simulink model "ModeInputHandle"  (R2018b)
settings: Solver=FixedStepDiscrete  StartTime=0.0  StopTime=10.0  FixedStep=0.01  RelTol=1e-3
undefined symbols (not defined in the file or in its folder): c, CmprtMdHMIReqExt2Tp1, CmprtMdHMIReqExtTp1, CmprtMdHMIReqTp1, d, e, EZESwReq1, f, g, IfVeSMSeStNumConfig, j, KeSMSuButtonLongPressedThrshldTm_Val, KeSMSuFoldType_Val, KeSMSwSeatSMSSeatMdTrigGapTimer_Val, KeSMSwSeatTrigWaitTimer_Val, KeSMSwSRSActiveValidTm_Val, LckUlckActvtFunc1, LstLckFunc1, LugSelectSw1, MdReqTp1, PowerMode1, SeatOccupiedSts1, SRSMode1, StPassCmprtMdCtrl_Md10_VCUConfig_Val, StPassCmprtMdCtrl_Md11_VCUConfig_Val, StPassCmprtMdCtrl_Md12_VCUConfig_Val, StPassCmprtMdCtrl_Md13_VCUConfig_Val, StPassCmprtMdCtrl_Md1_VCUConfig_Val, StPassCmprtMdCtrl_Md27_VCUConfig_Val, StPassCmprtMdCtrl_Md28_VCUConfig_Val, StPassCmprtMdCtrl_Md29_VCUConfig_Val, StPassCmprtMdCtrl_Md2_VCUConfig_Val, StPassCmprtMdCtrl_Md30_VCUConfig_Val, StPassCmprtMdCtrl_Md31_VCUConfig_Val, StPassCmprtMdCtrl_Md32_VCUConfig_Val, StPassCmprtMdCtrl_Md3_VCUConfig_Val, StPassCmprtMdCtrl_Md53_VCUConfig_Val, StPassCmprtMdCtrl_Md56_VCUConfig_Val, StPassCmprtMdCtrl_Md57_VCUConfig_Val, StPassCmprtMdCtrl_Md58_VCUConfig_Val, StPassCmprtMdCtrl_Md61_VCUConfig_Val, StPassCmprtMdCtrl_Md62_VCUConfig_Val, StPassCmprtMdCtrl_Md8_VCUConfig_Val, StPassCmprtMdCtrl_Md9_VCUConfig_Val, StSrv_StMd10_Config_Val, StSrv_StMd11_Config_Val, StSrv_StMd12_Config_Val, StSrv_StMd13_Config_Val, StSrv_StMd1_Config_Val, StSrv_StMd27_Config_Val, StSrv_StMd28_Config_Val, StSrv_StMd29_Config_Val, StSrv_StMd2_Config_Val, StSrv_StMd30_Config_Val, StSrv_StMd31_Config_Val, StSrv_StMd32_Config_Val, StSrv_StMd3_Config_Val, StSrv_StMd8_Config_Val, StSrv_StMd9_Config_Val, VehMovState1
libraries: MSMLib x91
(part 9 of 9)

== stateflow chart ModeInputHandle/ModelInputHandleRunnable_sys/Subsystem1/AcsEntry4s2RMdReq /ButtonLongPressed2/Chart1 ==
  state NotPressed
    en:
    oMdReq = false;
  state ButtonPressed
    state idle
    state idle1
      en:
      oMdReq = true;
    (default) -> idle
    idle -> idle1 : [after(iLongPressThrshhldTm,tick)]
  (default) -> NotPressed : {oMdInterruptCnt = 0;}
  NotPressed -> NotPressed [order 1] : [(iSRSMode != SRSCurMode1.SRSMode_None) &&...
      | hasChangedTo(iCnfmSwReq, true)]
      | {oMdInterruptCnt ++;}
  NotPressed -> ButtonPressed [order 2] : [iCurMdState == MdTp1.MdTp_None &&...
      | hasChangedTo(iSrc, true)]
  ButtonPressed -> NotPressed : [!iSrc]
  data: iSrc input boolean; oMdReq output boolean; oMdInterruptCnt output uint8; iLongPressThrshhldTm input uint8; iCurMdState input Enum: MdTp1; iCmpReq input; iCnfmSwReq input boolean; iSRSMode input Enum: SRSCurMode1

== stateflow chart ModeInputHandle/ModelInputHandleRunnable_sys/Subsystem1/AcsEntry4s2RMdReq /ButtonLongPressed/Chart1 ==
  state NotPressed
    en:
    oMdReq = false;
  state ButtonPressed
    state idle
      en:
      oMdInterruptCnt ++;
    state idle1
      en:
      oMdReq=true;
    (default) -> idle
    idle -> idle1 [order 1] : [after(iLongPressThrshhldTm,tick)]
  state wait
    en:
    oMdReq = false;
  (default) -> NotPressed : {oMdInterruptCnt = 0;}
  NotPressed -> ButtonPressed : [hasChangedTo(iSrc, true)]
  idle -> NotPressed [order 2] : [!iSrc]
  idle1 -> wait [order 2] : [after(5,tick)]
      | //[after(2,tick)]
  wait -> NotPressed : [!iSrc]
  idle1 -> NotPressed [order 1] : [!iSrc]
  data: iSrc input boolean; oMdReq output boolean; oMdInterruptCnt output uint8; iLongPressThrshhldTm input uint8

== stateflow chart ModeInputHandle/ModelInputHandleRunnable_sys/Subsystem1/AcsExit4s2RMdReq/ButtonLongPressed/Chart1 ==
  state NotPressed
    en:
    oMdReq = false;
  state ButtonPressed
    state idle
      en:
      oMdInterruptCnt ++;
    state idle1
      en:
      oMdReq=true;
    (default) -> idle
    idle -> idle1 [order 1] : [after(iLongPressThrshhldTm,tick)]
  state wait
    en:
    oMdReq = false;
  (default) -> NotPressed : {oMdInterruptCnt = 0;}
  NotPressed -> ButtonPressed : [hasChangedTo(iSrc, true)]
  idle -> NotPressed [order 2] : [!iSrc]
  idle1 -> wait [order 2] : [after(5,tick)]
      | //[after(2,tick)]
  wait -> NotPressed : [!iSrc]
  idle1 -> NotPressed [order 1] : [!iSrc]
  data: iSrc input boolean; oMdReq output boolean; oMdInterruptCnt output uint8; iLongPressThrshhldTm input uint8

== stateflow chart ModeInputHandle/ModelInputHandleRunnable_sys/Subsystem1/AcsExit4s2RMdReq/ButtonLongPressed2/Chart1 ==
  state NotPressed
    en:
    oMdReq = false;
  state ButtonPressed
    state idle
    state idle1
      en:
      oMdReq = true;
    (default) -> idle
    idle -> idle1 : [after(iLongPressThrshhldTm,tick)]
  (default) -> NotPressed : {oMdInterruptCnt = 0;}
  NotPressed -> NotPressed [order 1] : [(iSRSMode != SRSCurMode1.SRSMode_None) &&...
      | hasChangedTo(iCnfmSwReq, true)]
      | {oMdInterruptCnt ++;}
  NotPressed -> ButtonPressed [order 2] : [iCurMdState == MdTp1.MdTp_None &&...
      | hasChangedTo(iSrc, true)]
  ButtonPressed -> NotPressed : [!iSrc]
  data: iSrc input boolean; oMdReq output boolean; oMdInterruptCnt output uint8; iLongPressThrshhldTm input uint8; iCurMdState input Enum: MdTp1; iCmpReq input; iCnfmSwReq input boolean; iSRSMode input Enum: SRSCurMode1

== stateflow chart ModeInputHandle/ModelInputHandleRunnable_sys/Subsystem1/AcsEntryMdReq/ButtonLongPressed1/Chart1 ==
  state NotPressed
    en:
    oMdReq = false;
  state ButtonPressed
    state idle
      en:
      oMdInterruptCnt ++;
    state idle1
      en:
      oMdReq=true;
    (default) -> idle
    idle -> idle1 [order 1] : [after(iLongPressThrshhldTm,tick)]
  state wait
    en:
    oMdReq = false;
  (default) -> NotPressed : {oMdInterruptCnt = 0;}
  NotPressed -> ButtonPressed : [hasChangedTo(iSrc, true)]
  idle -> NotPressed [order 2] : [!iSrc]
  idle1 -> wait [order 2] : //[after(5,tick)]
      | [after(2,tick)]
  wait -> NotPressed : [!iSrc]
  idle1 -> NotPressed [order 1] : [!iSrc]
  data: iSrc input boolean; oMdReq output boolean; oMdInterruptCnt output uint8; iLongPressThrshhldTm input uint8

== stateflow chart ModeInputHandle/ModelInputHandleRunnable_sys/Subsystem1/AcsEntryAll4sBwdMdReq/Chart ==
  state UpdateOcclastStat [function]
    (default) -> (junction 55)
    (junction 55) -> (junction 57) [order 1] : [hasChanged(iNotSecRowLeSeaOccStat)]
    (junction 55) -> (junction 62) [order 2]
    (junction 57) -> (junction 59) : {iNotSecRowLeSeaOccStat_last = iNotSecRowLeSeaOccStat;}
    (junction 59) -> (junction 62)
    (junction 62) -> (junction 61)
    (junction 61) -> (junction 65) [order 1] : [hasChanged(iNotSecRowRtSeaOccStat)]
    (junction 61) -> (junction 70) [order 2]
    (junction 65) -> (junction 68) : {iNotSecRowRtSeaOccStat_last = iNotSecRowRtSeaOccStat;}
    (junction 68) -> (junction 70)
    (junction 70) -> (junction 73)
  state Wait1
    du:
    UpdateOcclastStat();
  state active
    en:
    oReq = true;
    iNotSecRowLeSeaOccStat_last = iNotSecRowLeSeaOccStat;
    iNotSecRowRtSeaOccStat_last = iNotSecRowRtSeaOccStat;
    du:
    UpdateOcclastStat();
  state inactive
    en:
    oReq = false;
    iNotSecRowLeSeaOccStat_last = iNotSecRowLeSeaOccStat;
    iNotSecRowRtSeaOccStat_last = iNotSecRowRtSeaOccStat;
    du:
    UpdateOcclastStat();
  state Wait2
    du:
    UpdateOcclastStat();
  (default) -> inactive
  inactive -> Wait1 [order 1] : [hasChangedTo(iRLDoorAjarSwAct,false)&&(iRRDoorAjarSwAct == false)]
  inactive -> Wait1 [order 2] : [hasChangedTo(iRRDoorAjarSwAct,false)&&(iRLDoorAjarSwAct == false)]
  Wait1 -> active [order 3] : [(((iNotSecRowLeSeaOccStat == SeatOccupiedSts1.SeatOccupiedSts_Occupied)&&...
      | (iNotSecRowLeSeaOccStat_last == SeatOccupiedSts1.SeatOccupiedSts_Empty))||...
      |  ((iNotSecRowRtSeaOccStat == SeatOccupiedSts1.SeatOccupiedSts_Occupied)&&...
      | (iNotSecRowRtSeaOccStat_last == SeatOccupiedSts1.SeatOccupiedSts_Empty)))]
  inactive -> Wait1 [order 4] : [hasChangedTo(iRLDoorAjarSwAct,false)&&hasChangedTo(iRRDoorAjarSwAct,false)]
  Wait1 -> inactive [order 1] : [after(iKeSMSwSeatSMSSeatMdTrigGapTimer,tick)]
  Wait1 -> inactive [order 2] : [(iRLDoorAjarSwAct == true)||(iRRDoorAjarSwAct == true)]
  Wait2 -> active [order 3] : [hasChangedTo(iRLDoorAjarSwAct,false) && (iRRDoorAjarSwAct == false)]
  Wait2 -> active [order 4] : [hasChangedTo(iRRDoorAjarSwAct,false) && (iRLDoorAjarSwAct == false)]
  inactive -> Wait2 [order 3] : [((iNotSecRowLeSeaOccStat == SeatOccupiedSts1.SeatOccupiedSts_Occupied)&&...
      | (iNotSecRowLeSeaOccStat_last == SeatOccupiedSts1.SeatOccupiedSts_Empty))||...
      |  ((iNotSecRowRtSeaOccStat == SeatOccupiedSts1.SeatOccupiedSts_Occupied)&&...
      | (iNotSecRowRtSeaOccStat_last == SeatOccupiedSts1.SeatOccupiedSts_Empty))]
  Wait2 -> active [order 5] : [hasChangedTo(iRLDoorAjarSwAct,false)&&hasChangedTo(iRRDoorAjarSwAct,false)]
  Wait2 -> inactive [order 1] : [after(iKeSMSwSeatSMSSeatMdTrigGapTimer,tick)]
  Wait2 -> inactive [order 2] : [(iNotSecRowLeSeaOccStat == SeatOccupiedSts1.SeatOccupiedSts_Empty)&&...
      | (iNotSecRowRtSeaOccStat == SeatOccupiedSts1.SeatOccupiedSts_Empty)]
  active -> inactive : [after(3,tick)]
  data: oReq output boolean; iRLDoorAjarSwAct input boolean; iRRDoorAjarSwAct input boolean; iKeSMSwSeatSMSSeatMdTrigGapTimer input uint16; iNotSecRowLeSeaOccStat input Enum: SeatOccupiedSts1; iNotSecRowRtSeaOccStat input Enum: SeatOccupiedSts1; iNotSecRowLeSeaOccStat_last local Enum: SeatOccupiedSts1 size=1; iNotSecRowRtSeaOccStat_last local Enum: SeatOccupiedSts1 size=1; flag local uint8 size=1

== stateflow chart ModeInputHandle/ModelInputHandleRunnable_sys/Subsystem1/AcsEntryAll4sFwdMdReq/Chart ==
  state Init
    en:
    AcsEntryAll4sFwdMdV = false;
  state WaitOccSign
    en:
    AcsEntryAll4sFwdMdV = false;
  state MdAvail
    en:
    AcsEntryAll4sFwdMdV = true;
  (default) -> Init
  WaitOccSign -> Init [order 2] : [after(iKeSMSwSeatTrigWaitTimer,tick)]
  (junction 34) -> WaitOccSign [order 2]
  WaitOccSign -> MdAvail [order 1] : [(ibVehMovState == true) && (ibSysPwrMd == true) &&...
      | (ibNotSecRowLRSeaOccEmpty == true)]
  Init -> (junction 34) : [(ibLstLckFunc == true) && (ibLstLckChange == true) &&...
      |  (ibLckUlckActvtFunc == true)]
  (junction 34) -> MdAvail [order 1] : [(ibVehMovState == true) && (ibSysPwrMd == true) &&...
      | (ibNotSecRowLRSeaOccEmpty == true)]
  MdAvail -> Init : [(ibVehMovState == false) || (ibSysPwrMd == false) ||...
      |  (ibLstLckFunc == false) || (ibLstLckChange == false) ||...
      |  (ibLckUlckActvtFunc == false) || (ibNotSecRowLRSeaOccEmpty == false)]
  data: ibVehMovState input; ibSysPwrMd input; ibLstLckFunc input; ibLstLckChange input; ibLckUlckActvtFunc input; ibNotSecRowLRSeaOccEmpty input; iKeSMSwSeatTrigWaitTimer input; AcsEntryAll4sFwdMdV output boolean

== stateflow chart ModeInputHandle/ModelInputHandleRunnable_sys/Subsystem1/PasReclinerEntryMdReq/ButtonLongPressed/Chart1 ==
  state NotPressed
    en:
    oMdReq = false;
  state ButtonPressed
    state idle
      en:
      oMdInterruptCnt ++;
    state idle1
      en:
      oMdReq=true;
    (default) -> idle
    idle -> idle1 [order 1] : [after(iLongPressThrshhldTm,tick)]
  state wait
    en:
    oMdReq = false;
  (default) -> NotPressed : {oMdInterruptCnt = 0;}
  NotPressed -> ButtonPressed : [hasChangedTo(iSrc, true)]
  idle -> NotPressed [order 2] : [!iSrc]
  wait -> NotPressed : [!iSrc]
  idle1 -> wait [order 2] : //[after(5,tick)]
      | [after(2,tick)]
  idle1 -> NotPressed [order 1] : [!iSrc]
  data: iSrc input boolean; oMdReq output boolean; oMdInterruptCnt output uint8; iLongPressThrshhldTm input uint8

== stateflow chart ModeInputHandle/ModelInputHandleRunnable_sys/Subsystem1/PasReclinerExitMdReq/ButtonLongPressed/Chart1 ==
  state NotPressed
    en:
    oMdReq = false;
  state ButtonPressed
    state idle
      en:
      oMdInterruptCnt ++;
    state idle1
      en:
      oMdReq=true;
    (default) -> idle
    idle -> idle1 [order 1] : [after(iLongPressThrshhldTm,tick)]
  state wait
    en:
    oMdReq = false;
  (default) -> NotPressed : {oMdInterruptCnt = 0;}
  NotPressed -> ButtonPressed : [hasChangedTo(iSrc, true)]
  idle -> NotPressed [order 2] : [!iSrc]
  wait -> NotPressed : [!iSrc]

####################

* _PROBLEM REQUIREMENTS_: Lines holding the string "MdAvail" are the answer; copy each one from the listing above.

* _COMPLETED EXERCISE_:
  state MdAvail
  WaitOccSign -> MdAvail [order 1] : [(ibVehMovState == true) && (ibSysPwrMd == true) &&...
  (junction 34) -> MdAvail [order 1] : [(ibVehMovState == true) && (ibSysPwrMd == true) &&...
  MdAvail -> Init : [(ibVehMovState == false) || (ibSysPwrMd == false) ||...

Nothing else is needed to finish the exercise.